**EXERCISE DATA**

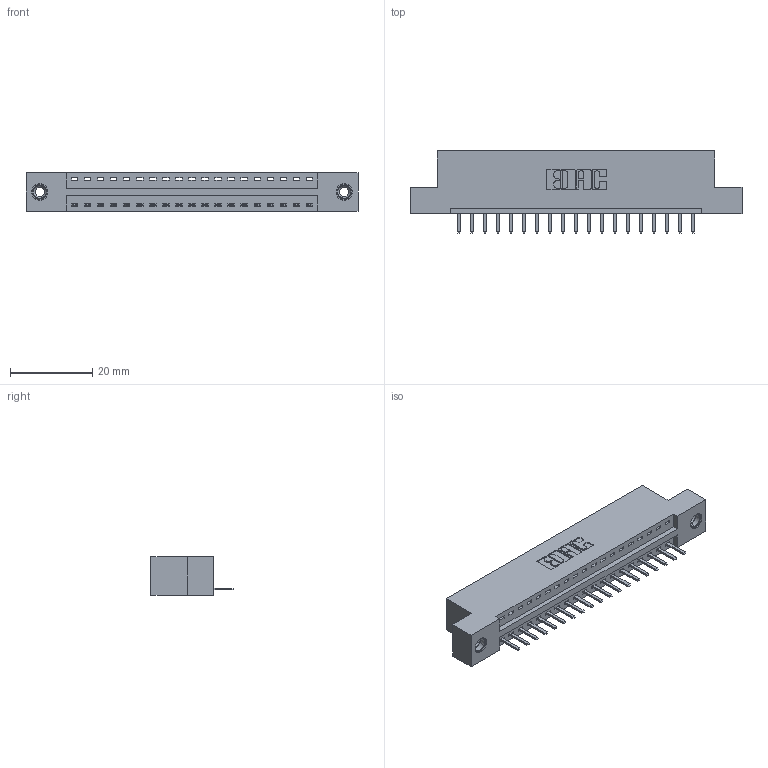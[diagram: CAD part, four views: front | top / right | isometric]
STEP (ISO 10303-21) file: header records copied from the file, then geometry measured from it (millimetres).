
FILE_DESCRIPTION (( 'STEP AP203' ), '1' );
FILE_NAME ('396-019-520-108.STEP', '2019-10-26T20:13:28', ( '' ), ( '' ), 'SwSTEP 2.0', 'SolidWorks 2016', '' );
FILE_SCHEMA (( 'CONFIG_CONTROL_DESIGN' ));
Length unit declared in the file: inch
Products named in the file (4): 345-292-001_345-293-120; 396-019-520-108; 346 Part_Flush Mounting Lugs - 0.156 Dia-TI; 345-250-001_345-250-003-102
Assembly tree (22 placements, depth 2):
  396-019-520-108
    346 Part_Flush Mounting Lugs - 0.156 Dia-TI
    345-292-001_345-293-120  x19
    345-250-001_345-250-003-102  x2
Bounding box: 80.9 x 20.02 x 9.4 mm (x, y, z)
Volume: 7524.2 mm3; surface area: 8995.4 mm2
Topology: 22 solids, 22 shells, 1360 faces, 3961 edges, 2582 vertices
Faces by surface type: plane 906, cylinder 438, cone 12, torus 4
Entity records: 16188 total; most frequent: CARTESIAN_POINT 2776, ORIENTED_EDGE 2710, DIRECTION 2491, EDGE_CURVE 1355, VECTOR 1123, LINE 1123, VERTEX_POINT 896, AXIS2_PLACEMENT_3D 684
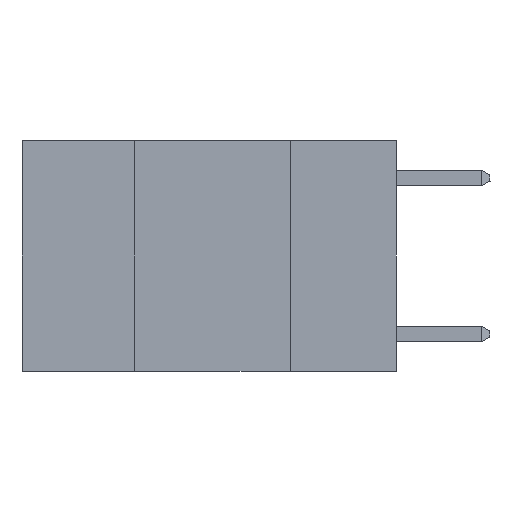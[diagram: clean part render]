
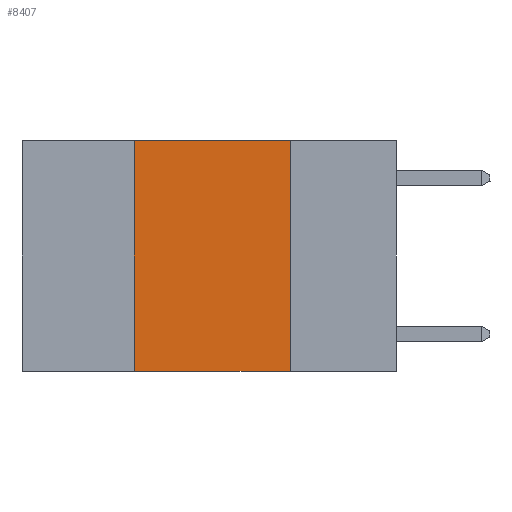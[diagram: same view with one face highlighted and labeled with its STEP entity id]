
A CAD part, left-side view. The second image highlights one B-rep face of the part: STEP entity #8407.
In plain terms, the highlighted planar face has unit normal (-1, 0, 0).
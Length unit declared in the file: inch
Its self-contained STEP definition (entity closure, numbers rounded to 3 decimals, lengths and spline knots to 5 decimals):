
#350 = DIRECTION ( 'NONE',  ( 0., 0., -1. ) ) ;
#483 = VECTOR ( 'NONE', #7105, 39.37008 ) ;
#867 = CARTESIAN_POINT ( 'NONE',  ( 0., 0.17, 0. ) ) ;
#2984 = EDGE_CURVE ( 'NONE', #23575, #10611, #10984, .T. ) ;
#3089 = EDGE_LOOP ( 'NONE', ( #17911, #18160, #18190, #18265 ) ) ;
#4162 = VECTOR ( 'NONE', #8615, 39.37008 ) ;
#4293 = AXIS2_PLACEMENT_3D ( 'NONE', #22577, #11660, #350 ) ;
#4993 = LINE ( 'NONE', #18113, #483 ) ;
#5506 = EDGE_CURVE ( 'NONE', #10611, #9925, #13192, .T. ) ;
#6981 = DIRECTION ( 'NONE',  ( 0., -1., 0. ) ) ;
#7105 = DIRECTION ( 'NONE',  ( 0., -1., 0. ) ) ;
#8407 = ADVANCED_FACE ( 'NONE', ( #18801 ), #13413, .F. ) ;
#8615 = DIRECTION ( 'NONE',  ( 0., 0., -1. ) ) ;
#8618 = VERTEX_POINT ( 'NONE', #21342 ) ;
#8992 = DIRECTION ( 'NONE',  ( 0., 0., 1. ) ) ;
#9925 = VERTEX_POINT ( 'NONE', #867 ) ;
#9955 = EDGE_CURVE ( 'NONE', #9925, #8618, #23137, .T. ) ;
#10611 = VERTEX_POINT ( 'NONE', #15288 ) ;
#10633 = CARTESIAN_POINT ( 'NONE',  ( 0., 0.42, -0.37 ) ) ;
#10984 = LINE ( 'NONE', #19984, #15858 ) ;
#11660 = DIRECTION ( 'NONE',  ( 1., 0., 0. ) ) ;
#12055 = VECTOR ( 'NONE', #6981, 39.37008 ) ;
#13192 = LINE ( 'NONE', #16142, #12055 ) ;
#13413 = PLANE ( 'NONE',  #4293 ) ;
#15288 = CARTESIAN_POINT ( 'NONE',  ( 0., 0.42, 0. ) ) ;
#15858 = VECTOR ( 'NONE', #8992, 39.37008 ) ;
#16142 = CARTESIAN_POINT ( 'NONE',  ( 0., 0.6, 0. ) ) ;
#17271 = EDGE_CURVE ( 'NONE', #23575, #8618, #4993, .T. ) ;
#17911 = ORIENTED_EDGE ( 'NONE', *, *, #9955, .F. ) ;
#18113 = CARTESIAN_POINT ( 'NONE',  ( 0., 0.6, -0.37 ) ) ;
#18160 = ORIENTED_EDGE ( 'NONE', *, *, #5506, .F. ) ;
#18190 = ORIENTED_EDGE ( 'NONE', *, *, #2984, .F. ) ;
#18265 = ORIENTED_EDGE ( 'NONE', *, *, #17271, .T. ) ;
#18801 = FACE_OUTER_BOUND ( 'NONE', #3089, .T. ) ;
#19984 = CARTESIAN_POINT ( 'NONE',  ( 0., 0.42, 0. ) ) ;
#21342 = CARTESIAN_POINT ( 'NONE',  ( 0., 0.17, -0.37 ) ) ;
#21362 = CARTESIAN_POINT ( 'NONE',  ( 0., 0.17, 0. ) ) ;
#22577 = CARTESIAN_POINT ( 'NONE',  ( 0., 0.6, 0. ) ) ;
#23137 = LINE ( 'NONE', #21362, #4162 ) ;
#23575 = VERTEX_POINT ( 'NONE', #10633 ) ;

**WHAT YOU WILL DO**
All entries should be restated word for word; no images belong in the copy.

**FINISHED TASK**
[diagram: CAD part, four views: front | top / right | isometric]
STEP (ISO 10303-21) file: header records copied from the file, then geometry measured from it (millimetres).
FILE_DESCRIPTION (( 'STEP AP203' ), '1' );
FILE_NAME ('396-019-520-108.STEP', '2019-10-26T20:13:28', ( '' ), ( '' ), 'SwSTEP 2.0', 'SolidWorks 2016', '' );
FILE_SCHEMA (( 'CONFIG_CONTROL_DESIGN' ));
Length unit declared in the file: inch
Products named in the file (4): 345-292-001_345-293-120; 396-019-520-108; 346 Part_Flush Mounting Lugs - 0.156 Dia-TI; 345-250-001_345-250-003-102
Assembly tree (22 placements, depth 2):
  396-019-520-108
    346 Part_Flush Mounting Lugs - 0.156 Dia-TI
    345-292-001_345-293-120  x19
    345-250-001_345-250-003-102  x2
Bounding box: 80.9 x 20.02 x 9.4 mm (x, y, z)
Volume: 7524.2 mm3; surface area: 8995.4 mm2
Topology: 22 solids, 22 shells, 1360 faces, 3961 edges, 2582 vertices
Faces by surface type: plane 906, cylinder 438, cone 12, torus 4
Entity records: 16188 total; most frequent: CARTESIAN_POINT 2776, ORIENTED_EDGE 2710, DIRECTION 2491, EDGE_CURVE 1355, VECTOR 1123, LINE 1123, VERTEX_POINT 896, AXIS2_PLACEMENT_3D 684
[diagram: clean part render]
[diagram: same view with one face highlighted and labeled with its STEP entity id]
A CAD part, left-side view. The second image highlights one B-rep face of the part: STEP entity #8407.
In plain terms, the highlighted planar face has unit normal (-1, 0, 0).
Length unit declared in the file: inch
Its self-contained STEP definition (entity closure, numbers rounded to 3 decimals, lengths and spline knots to 5 decimals):
#350 = DIRECTION ( 'NONE',  ( 0., 0., -1. ) ) ;
#483 = VECTOR ( 'NONE', #7105, 39.37008 ) ;
#867 = CARTESIAN_POINT ( 'NONE',  ( 0., 0.17, 0. ) ) ;
#2984 = EDGE_CURVE ( 'NONE', #23575, #10611, #10984, .T. ) ;
#3089 = EDGE_LOOP ( 'NONE', ( #17911, #18160, #18190, #18265 ) ) ;
#4162 = VECTOR ( 'NONE', #8615, 39.37008 ) ;
#4293 = AXIS2_PLACEMENT_3D ( 'NONE', #22577, #11660, #350 ) ;
#4993 = LINE ( 'NONE', #18113, #483 ) ;
#5506 = EDGE_CURVE ( 'NONE', #10611, #9925, #13192, .T. ) ;
#6981 = DIRECTION ( 'NONE',  ( 0., -1., 0. ) ) ;
#7105 = DIRECTION ( 'NONE',  ( 0., -1., 0. ) ) ;
#8407 = ADVANCED_FACE ( 'NONE', ( #18801 ), #13413, .F. ) ;
#8615 = DIRECTION ( 'NONE',  ( 0., 0., -1. ) ) ;
#8618 = VERTEX_POINT ( 'NONE', #21342 ) ;
#8992 = DIRECTION ( 'NONE',  ( 0., 0., 1. ) ) ;
#9925 = VERTEX_POINT ( 'NONE', #867 ) ;
#9955 = EDGE_CURVE ( 'NONE', #9925, #8618, #23137, .T. ) ;
#10611 = VERTEX_POINT ( 'NONE', #15288 ) ;
#10633 = CARTESIAN_POINT ( 'NONE',  ( 0., 0.42, -0.37 ) ) ;
#10984 = LINE ( 'NONE', #19984, #15858 ) ;
#11660 = DIRECTION ( 'NONE',  ( 1., 0., 0. ) ) ;
#12055 = VECTOR ( 'NONE', #6981, 39.37008 ) ;
#13192 = LINE ( 'NONE', #16142, #12055 ) ;
#13413 = PLANE ( 'NONE',  #4293 ) ;
#15288 = CARTESIAN_POINT ( 'NONE',  ( 0., 0.42, 0. ) ) ;
#15858 = VECTOR ( 'NONE', #8992, 39.37008 ) ;
#16142 = CARTESIAN_POINT ( 'NONE',  ( 0., 0.6, 0. ) ) ;
#17271 = EDGE_CURVE ( 'NONE', #23575, #8618, #4993, .T. ) ;
#17911 = ORIENTED_EDGE ( 'NONE', *, *, #9955, .F. ) ;
#18113 = CARTESIAN_POINT ( 'NONE',  ( 0., 0.6, -0.37 ) ) ;
#18160 = ORIENTED_EDGE ( 'NONE', *, *, #5506, .F. ) ;
#18190 = ORIENTED_EDGE ( 'NONE', *, *, #2984, .F. ) ;
#18265 = ORIENTED_EDGE ( 'NONE', *, *, #17271, .T. ) ;
#18801 = FACE_OUTER_BOUND ( 'NONE', #3089, .T. ) ;
#19984 = CARTESIAN_POINT ( 'NONE',  ( 0., 0.42, 0. ) ) ;
#21342 = CARTESIAN_POINT ( 'NONE',  ( 0., 0.17, -0.37 ) ) ;
#21362 = CARTESIAN_POINT ( 'NONE',  ( 0., 0.17, 0. ) ) ;
#22577 = CARTESIAN_POINT ( 'NONE',  ( 0., 0.6, 0. ) ) ;
#23137 = LINE ( 'NONE', #21362, #4162 ) ;
#23575 = VERTEX_POINT ( 'NONE', #10633 ) ;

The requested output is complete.